Causes and Risk Factors
The causes of a spinal hemorrhage are either traumatic or non-traumatic. Traumatic injuries from events like car accidents or falls are the most common source, damaging blood vessels and forming a blood clot (hematoma). Non-traumatic hemorrhages are often linked to underlying medical conditions.
Vascular abnormalities, such as arteriovenous malformations (AVMs) where arteries and veins are abnormally connected, can rupture and bleed. Spinal tumors can also cause hemorrhage, as can certain medical procedures like lumbar punctures or the placement of epidural catheters.
Several factors increase the risk of a spinal hemorrhage. Anticoagulant medications (blood thinners) interfere with the body’s clotting process. Underlying bleeding disorders, such as hemophilia, also predispose a person to spontaneous bleeding, while uncontrolled high blood pressure can weaken blood vessel walls.
Identifying Symptoms
The symptoms of a spinal hemorrhage often appear suddenly. A primary symptom is the abrupt onset of intense, localized pain in the back or neck, which can radiate into the arms or legs, a condition known as radicular pain. The specific combination of symptoms is directly related to the location and size of the hemorrhage.
Neurological deficits are a common consequence of the pressure exerted by the hematoma. Motor symptoms can range from muscle weakness to complete paralysis. Sensory changes are also frequent, including numbness, tingling, or a loss of feeling.
A loss of bowel or bladder control indicates significant spinal cord compression. Bleeding in the cervical (neck) region will affect the arms and legs, while a bleed in the lumbar (lower back) area primarily impacts the legs.
The Diagnostic Process
Diagnosing a spinal hemorrhage begins with a clinical evaluation. A physician performs a detailed neurological exam to assess muscle strength, sensation, and reflexes and reviews the patient’s medical history. This initial assessment helps pinpoint the location and severity of the injury.
Imaging studies are required to confirm the presence of a hemorrhage and identify its precise location and size. Magnetic Resonance Imaging (MRI) is the most effective diagnostic tool, using powerful magnets and radio waves to create detailed images of the spinal cord, surrounding soft tissues, and any collected blood.
In situations where an MRI is not available, a Computed Tomography (CT) scan may be used. A CT scan uses X-rays to create cross-sectional images of the spine and can detect blood, though it is less detailed than an MRI for visualizing the cord itself. Sometimes, a CT myelogram, which involves injecting contrast dye into the spinal canal before the scan, is performed to enhance the images.
Treatment Approaches
The primary goal of treatment for a spinal hemorrhage is to relieve pressure on the spinal cord as quickly as possible to prevent permanent damage, and it is often considered a medical emergency. The course of action depends on the bleed’s size and cause and the severity of neurological symptoms.
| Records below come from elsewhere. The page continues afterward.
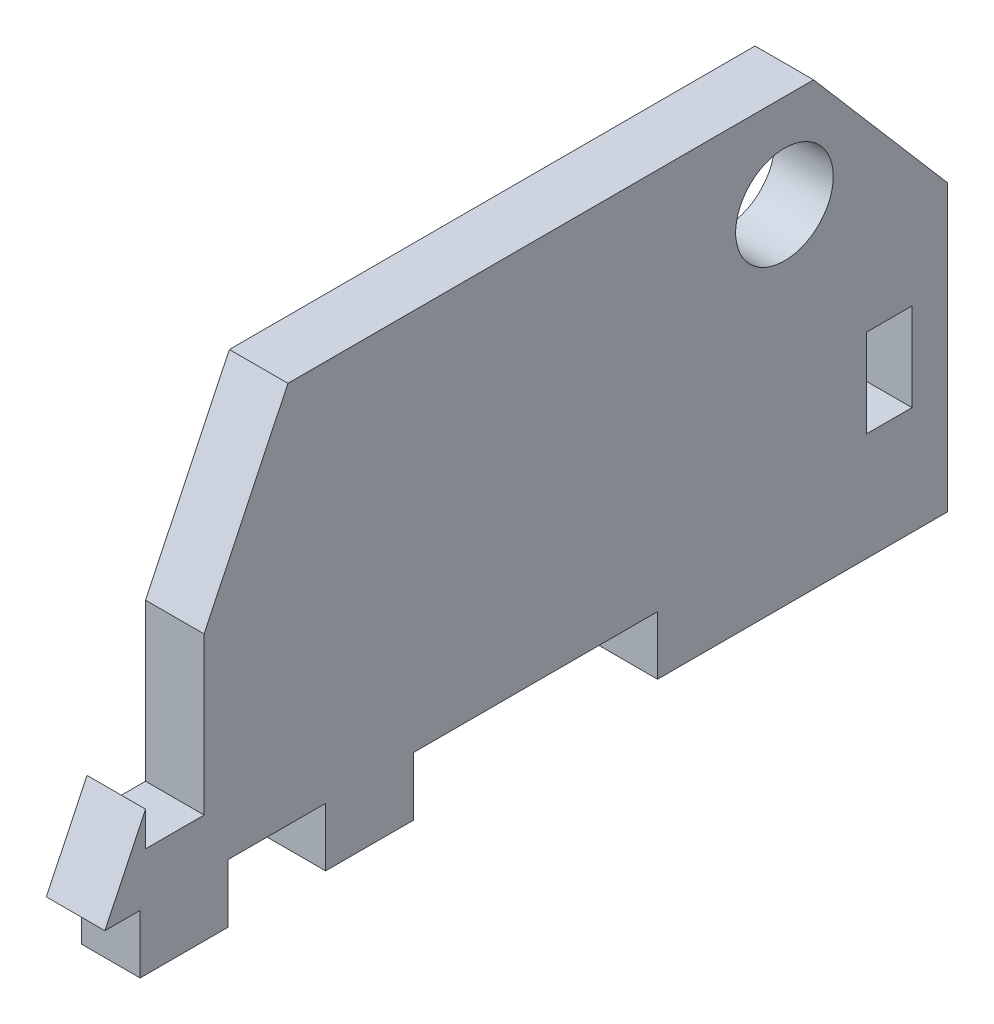
SolidWorks part; units mm, degrees
ref_plane "Front Plane" through (0, 0, 0) normal (0, 0, 1) x (1, 0, 0)
ref_plane "Top Plane" through (0, 0, 0) normal (0, 1, 0) x (1, 0, 0)
ref_plane "Right Plane" through (0, 0, 0) normal (1, 0, 0) x (0, 0, -1)
sketch "Sketch1" plane through (0, 0, 0) normal (1, 0, 0) x (0, 0, -1)
  line L0 (-53.777, -34.8814) -> (-50.1671, -34.8814)
  line L1 (-50.1671, -34.8814) -> (-50.1671, -40.8814)
  line L2 (-50.1671, -40.8814) -> (-41.1671, -40.8814)
  line L3 (-41.1671, -40.8814) -> (-41.1671, -34.8814)
  line L4 (-41.1671, -34.8814) -> (-31.1671, -34.8814)
  line L5 (-31.1671, -34.8814) -> (-31.1671, -40.8814)
  line L6 (-31.1671, -40.8814) -> (-22.1671, -40.8814)
  line L7 (-22.1671, -40.8814) -> (-22.1671, -34.8814)
  line L8 (-22.1671, -34.8814) -> (2.8329, -34.8814)
  line L9 (32.5529, -11.701) -> (32.5529, -40.8814)
  line L10 (32.5529, -40.8814) -> (2.8329, -40.8814)
  line L11 (15.8329, -5.2639) -> (2.8329, -5.2639) construction
  line L13 (2.8329, -34.8814) -> (2.8329, -40.8814)
  line L18 (32.5529, -11.701) -> (18.8209, 4.304)
  line L19 (18.8209, 4.304) -> (-35.0291, 4.304)
  line L20 (-35.0291, 4.304) -> (-53.777, -34.8814)
  line L22 (24.2168, -29.8154) -> (28.8987, -29.8154)
  line L23 (24.2168, -29.8154) -> (24.2168, -20.7941)
  line L24 (24.2168, -20.7941) -> (28.8987, -20.7941)
  line L25 (28.8987, -29.8154) -> (28.8987, -20.7941)
  line L26 (-49.6138, -11.8533) -> (-43.6138, -11.8533)
  line L27 (-49.6138, -11.8533) -> (-49.6138, -29.7012)
  line L28 (-49.6138, -29.7012) -> (-43.6138, -29.7012)
  line L29 (-43.6138, -11.8533) -> (-43.6138, -29.7012)
  circle A0 centre (15.8329, -5.2639) radius 5
extrude "Boss-Extrude1" add sketch "Sketch1" along normal blind 6

Surgical intervention is frequently the main treatment for significant spinal cord compression. A common procedure is an emergency decompressive laminectomy, where a surgeon removes a portion of the vertebral bone called the lamina. This creates more space, allowing the surgeon to evacuate the blood clot.
Alongside surgery, medical management is employed. If the patient is on anticoagulant medications, these are stopped, and reversal agents may be administered. Blood pressure is also carefully controlled to reduce the risk of further bleeding without compromising blood flow to the injured spinal cord.
Recovery and Prognosis
The long-term outlook following a spinal hemorrhage is variable. A person’s prognosis depends on the severity of their initial symptoms and the speed with which they receive treatment. Early intervention to decompress the spinal cord improves the chances of a favorable outcome.
Rehabilitation is a key part of the recovery process. Physical therapy is initiated to help patients regain muscle strength, improve mobility, and restore balance. Occupational therapy focuses on helping individuals relearn the skills needed for daily activities, such as dressing and bathing.
The intensity and duration of rehabilitation are tailored to each patient’s needs. Potential long-term outcomes range from a full recovery to permanent neurological issues, including chronic pain, persistent muscle weakness, or paralysis. Complications such as sexual dysfunction or lasting problems with bowel and bladder control can also occur.